▸ **SOURCE MATERIAL**:
"""
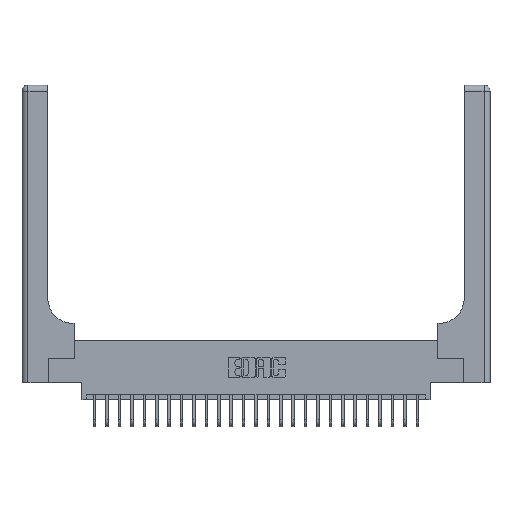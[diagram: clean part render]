
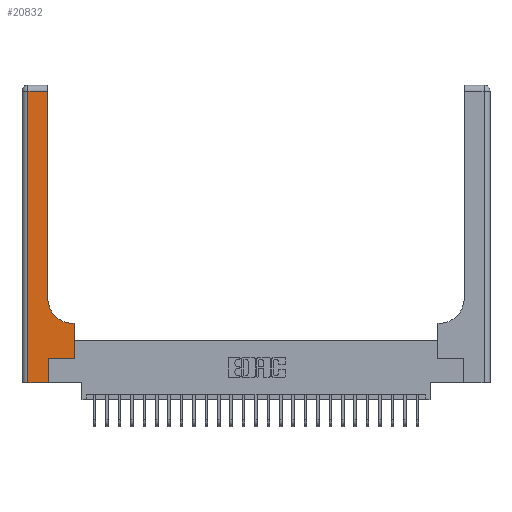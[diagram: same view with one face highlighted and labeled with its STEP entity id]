
A CAD part, top view. The second image highlights one B-rep face of the part: STEP entity #20832.
In plain terms, the highlighted planar face has unit normal (0, 0, 1).
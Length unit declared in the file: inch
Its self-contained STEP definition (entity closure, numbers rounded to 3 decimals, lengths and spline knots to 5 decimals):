
#403 = EDGE_CURVE ( 'NONE', #19942, #4212, #10443, .T. ) ;
#462 = ORIENTED_EDGE ( 'NONE', *, *, #26298, .T. ) ;
#1135 = CARTESIAN_POINT ( 'NONE',  ( 0.26, 3., 0.37 ) ) ;
#1517 = ORIENTED_EDGE ( 'NONE', *, *, #403, .T. ) ;
#1752 = EDGE_CURVE ( 'NONE', #5525, #3000, #18524, .T. ) ;
#1770 = VECTOR ( 'NONE', #21150, 39.37008 ) ;
#2053 = EDGE_CURVE ( 'NONE', #22274, #19942, #17687, .T. ) ;
#2585 = CARTESIAN_POINT ( 'NONE',  ( 0.26, 2.94, 0.37 ) ) ;
#2615 = CARTESIAN_POINT ( 'NONE',  ( 0.528, 0.25, 0.37 ) ) ;
#3000 = VERTEX_POINT ( 'NONE', #22375 ) ;
#3298 = CARTESIAN_POINT ( 'NONE',  ( 0.265, 0.25, 0.37 ) ) ;
#3824 = DIRECTION ( 'NONE',  ( 0., 0., -1. ) ) ;
#3861 = VECTOR ( 'NONE', #15619, 39.37008 ) ;
#3901 = DIRECTION ( 'NONE',  ( -1., 0., 0. ) ) ;
#4212 = VERTEX_POINT ( 'NONE', #13234 ) ;
#4598 = LINE ( 'NONE', #6543, #22421 ) ;
#5414 = DIRECTION ( 'NONE',  ( 0., 1., 0. ) ) ;
#5524 = EDGE_CURVE ( 'NONE', #6519, #24838, #18187, .T. ) ;
#5525 = VERTEX_POINT ( 'NONE', #14054 ) ;
#6268 = AXIS2_PLACEMENT_3D ( 'NONE', #26949, #3824, #12264 ) ;
#6519 = VERTEX_POINT ( 'NONE', #3298 ) ;
#6543 = CARTESIAN_POINT ( 'NONE',  ( 0., 2.94, 0.37 ) ) ;
#6695 = FACE_OUTER_BOUND ( 'NONE', #8647, .T. ) ;
#6864 = VERTEX_POINT ( 'NONE', #2585 ) ;
#6897 = CARTESIAN_POINT ( 'NONE',  ( 0.06, 0., 0.37 ) ) ;
#7122 = CARTESIAN_POINT ( 'NONE',  ( 0.265, 0., 0.37 ) ) ;
#7774 = VERTEX_POINT ( 'NONE', #10373 ) ;
#8245 = ORIENTED_EDGE ( 'NONE', *, *, #1752, .T. ) ;
#8647 = EDGE_LOOP ( 'NONE', ( #24402, #462, #14092, #1517, #13835, #19675, #22532, #8245, #19803 ) ) ;
#9672 = DIRECTION ( 'NONE',  ( 1., 0., 0. ) ) ;
#9704 = LINE ( 'NONE', #1135, #22155 ) ;
#10373 = CARTESIAN_POINT ( 'NONE',  ( 0.26, 0.85, 0.37 ) ) ;
#10443 = LINE ( 'NONE', #16757, #1770 ) ;
#12141 = CARTESIAN_POINT ( 'NONE',  ( 0.265, 0.25, 0.37 ) ) ;
#12264 = DIRECTION ( 'NONE',  ( 1., 0., 0. ) ) ;
#12915 = CARTESIAN_POINT ( 'NONE',  ( 0., 3., 0.37 ) ) ;
#13234 = CARTESIAN_POINT ( 'NONE',  ( 0.265, 0., 0.37 ) ) ;
#13835 = ORIENTED_EDGE ( 'NONE', *, *, #23404, .T. ) ;
#13952 = AXIS2_PLACEMENT_3D ( 'NONE', #12915, #21288, #25811 ) ;
#14054 = CARTESIAN_POINT ( 'NONE',  ( 0.528, 0.6, 0.37 ) ) ;
#14092 = ORIENTED_EDGE ( 'NONE', *, *, #2053, .T. ) ;
#14322 = VECTOR ( 'NONE', #3901, 39.37008 ) ;
#15619 = DIRECTION ( 'NONE',  ( 0., -1., 0. ) ) ;
#16757 = CARTESIAN_POINT ( 'NONE',  ( 0., 0., 0.37 ) ) ;
#17014 = EDGE_CURVE ( 'NONE', #3000, #7774, #18173, .T. ) ;
#17090 = DIRECTION ( 'NONE',  ( 0., 1., 0. ) ) ;
#17687 = LINE ( 'NONE', #19462, #3861 ) ;
#18173 = CIRCLE ( 'NONE', #6268, 0.25 ) ;
#18187 = LINE ( 'NONE', #12141, #18368 ) ;
#18368 = VECTOR ( 'NONE', #9672, 39.37008 ) ;
#18524 = LINE ( 'NONE', #26896, #14322 ) ;
#18613 = EDGE_CURVE ( 'NONE', #24838, #5525, #21215, .T. ) ;
#19462 = CARTESIAN_POINT ( 'NONE',  ( 0.06, 3., 0.37 ) ) ;
#19675 = ORIENTED_EDGE ( 'NONE', *, *, #5524, .T. ) ;
#19688 = EDGE_CURVE ( 'NONE', #7774, #6864, #9704, .T. ) ;
#19803 = ORIENTED_EDGE ( 'NONE', *, *, #17014, .T. ) ;
#19942 = VERTEX_POINT ( 'NONE', #6897 ) ;
#20357 = VECTOR ( 'NONE', #17090, 39.37008 ) ;
#20832 = ADVANCED_FACE ( 'NONE', ( #6695 ), #26099, .F. ) ;
#21150 = DIRECTION ( 'NONE',  ( 1., 0., 0. ) ) ;
#21215 = LINE ( 'NONE', #2615, #20357 ) ;
#21233 = CARTESIAN_POINT ( 'NONE',  ( 0.528, 0.25, 0.37 ) ) ;
#21260 = CARTESIAN_POINT ( 'NONE',  ( 0.06, 2.94, 0.37 ) ) ;
#21288 = DIRECTION ( 'NONE',  ( 0., 0., -1. ) ) ;
#22155 = VECTOR ( 'NONE', #5414, 39.37008 ) ;
#22274 = VERTEX_POINT ( 'NONE', #21260 ) ;
#22375 = CARTESIAN_POINT ( 'NONE',  ( 0.51, 0.6, 0.37 ) ) ;
#22421 = VECTOR ( 'NONE', #25252, 39.37008 ) ;
#22532 = ORIENTED_EDGE ( 'NONE', *, *, #18613, .T. ) ;
#22806 = VECTOR ( 'NONE', #25307, 39.37008 ) ;
#23404 = EDGE_CURVE ( 'NONE', #4212, #6519, #25971, .T. ) ;
#24402 = ORIENTED_EDGE ( 'NONE', *, *, #19688, .T. ) ;
#24838 = VERTEX_POINT ( 'NONE', #21233 ) ;
#25252 = DIRECTION ( 'NONE',  ( -1., 0., 0. ) ) ;
#25307 = DIRECTION ( 'NONE',  ( 0., 1., 0. ) ) ;
#25811 = DIRECTION ( 'NONE',  ( -1., 0., 0. ) ) ;
#25971 = LINE ( 'NONE', #7122, #22806 ) ;
#26099 = PLANE ( 'NONE',  #13952 ) ;
#26298 = EDGE_CURVE ( 'NONE', #6864, #22274, #4598, .T. ) ;
#26896 = CARTESIAN_POINT ( 'NONE',  ( 0.26, 0.6, 0.37 ) ) ;
#26949 = CARTESIAN_POINT ( 'NONE',  ( 0.51, 0.85, 0.37 ) ) ;
"""
▸ **ABOUT THIS TASK**: Full transcription without images: please go through the records and repeat them exactly.

▸ **ANSWER TO THE PROBLEM**:
[diagram: clean part render]
[diagram: same view with one face highlighted and labeled with its STEP entity id]
A CAD part, top view. The second image highlights one B-rep face of the part: STEP entity #20832.
In plain terms, the highlighted planar face has unit normal (0, 0, 1).
Length unit declared in the file: inch
Its self-contained STEP definition (entity closure, numbers rounded to 3 decimals, lengths and spline knots to 5 decimals):
#403 = EDGE_CURVE ( 'NONE', #19942, #4212, #10443, .T. ) ;
#462 = ORIENTED_EDGE ( 'NONE', *, *, #26298, .T. ) ;
#1135 = CARTESIAN_POINT ( 'NONE',  ( 0.26, 3., 0.37 ) ) ;
#1517 = ORIENTED_EDGE ( 'NONE', *, *, #403, .T. ) ;
#1752 = EDGE_CURVE ( 'NONE', #5525, #3000, #18524, .T. ) ;
#1770 = VECTOR ( 'NONE', #21150, 39.37008 ) ;
#2053 = EDGE_CURVE ( 'NONE', #22274, #19942, #17687, .T. ) ;
#2585 = CARTESIAN_POINT ( 'NONE',  ( 0.26, 2.94, 0.37 ) ) ;
#2615 = CARTESIAN_POINT ( 'NONE',  ( 0.528, 0.25, 0.37 ) ) ;
#3000 = VERTEX_POINT ( 'NONE', #22375 ) ;
#3298 = CARTESIAN_POINT ( 'NONE',  ( 0.265, 0.25, 0.37 ) ) ;
#3824 = DIRECTION ( 'NONE',  ( 0., 0., -1. ) ) ;
#3861 = VECTOR ( 'NONE', #15619, 39.37008 ) ;
#3901 = DIRECTION ( 'NONE',  ( -1., 0., 0. ) ) ;
#4212 = VERTEX_POINT ( 'NONE', #13234 ) ;
#4598 = LINE ( 'NONE', #6543, #22421 ) ;
#5414 = DIRECTION ( 'NONE',  ( 0., 1., 0. ) ) ;
#5524 = EDGE_CURVE ( 'NONE', #6519, #24838, #18187, .T. ) ;
#5525 = VERTEX_POINT ( 'NONE', #14054 ) ;
#6268 = AXIS2_PLACEMENT_3D ( 'NONE', #26949, #3824, #12264 ) ;
#6519 = VERTEX_POINT ( 'NONE', #3298 ) ;
#6543 = CARTESIAN_POINT ( 'NONE',  ( 0., 2.94, 0.37 ) ) ;
#6695 = FACE_OUTER_BOUND ( 'NONE', #8647, .T. ) ;
#6864 = VERTEX_POINT ( 'NONE', #2585 ) ;
#6897 = CARTESIAN_POINT ( 'NONE',  ( 0.06, 0., 0.37 ) ) ;
#7122 = CARTESIAN_POINT ( 'NONE',  ( 0.265, 0., 0.37 ) ) ;
#7774 = VERTEX_POINT ( 'NONE', #10373 ) ;
#8245 = ORIENTED_EDGE ( 'NONE', *, *, #1752, .T. ) ;
#8647 = EDGE_LOOP ( 'NONE', ( #24402, #462, #14092, #1517, #13835, #19675, #22532, #8245, #19803 ) ) ;
#9672 = DIRECTION ( 'NONE',  ( 1., 0., 0. ) ) ;
#9704 = LINE ( 'NONE', #1135, #22155 ) ;
#10373 = CARTESIAN_POINT ( 'NONE',  ( 0.26, 0.85, 0.37 ) ) ;
#10443 = LINE ( 'NONE', #16757, #1770 ) ;
#12141 = CARTESIAN_POINT ( 'NONE',  ( 0.265, 0.25, 0.37 ) ) ;
#12264 = DIRECTION ( 'NONE',  ( 1., 0., 0. ) ) ;
#12915 = CARTESIAN_POINT ( 'NONE',  ( 0., 3., 0.37 ) ) ;
#13234 = CARTESIAN_POINT ( 'NONE',  ( 0.265, 0., 0.37 ) ) ;
#13835 = ORIENTED_EDGE ( 'NONE', *, *, #23404, .T. ) ;
#13952 = AXIS2_PLACEMENT_3D ( 'NONE', #12915, #21288, #25811 ) ;
#14054 = CARTESIAN_POINT ( 'NONE',  ( 0.528, 0.6, 0.37 ) ) ;
#14092 = ORIENTED_EDGE ( 'NONE', *, *, #2053, .T. ) ;
#14322 = VECTOR ( 'NONE', #3901, 39.37008 ) ;
#15619 = DIRECTION ( 'NONE',  ( 0., -1., 0. ) ) ;
#16757 = CARTESIAN_POINT ( 'NONE',  ( 0., 0., 0.37 ) ) ;
#17014 = EDGE_CURVE ( 'NONE', #3000, #7774, #18173, .T. ) ;
#17090 = DIRECTION ( 'NONE',  ( 0., 1., 0. ) ) ;
#17687 = LINE ( 'NONE', #19462, #3861 ) ;
#18173 = CIRCLE ( 'NONE', #6268, 0.25 ) ;
#18187 = LINE ( 'NONE', #12141, #18368 ) ;
#18368 = VECTOR ( 'NONE', #9672, 39.37008 ) ;
#18524 = LINE ( 'NONE', #26896, #14322 ) ;
#18613 = EDGE_CURVE ( 'NONE', #24838, #5525, #21215, .T. ) ;
#19462 = CARTESIAN_POINT ( 'NONE',  ( 0.06, 3., 0.37 ) ) ;
#19675 = ORIENTED_EDGE ( 'NONE', *, *, #5524, .T. ) ;
#19688 = EDGE_CURVE ( 'NONE', #7774, #6864, #9704, .T. ) ;
#19803 = ORIENTED_EDGE ( 'NONE', *, *, #17014, .T. ) ;
#19942 = VERTEX_POINT ( 'NONE', #6897 ) ;
#20357 = VECTOR ( 'NONE', #17090, 39.37008 ) ;
#20832 = ADVANCED_FACE ( 'NONE', ( #6695 ), #26099, .F. ) ;
#21150 = DIRECTION ( 'NONE',  ( 1., 0., 0. ) ) ;
#21215 = LINE ( 'NONE', #2615, #20357 ) ;
#21233 = CARTESIAN_POINT ( 'NONE',  ( 0.528, 0.25, 0.37 ) ) ;
#21260 = CARTESIAN_POINT ( 'NONE',  ( 0.06, 2.94, 0.37 ) ) ;
#21288 = DIRECTION ( 'NONE',  ( 0., 0., -1. ) ) ;
#22155 = VECTOR ( 'NONE', #5414, 39.37008 ) ;
#22274 = VERTEX_POINT ( 'NONE', #21260 ) ;
#22375 = CARTESIAN_POINT ( 'NONE',  ( 0.51, 0.6, 0.37 ) ) ;
#22421 = VECTOR ( 'NONE', #25252, 39.37008 ) ;
#22532 = ORIENTED_EDGE ( 'NONE', *, *, #18613, .T. ) ;
#22806 = VECTOR ( 'NONE', #25307, 39.37008 ) ;
#23404 = EDGE_CURVE ( 'NONE', #4212, #6519, #25971, .T. ) ;
#24402 = ORIENTED_EDGE ( 'NONE', *, *, #19688, .T. ) ;
#24838 = VERTEX_POINT ( 'NONE', #21233 ) ;
#25252 = DIRECTION ( 'NONE',  ( -1., 0., 0. ) ) ;
#25307 = DIRECTION ( 'NONE',  ( 0., 1., 0. ) ) ;
#25811 = DIRECTION ( 'NONE',  ( -1., 0., 0. ) ) ;
#25971 = LINE ( 'NONE', #7122, #22806 ) ;
#26099 = PLANE ( 'NONE',  #13952 ) ;
#26298 = EDGE_CURVE ( 'NONE', #6864, #22274, #4598, .T. ) ;
#26896 = CARTESIAN_POINT ( 'NONE',  ( 0.26, 0.6, 0.37 ) ) ;
#26949 = CARTESIAN_POINT ( 'NONE',  ( 0.51, 0.85, 0.37 ) ) ;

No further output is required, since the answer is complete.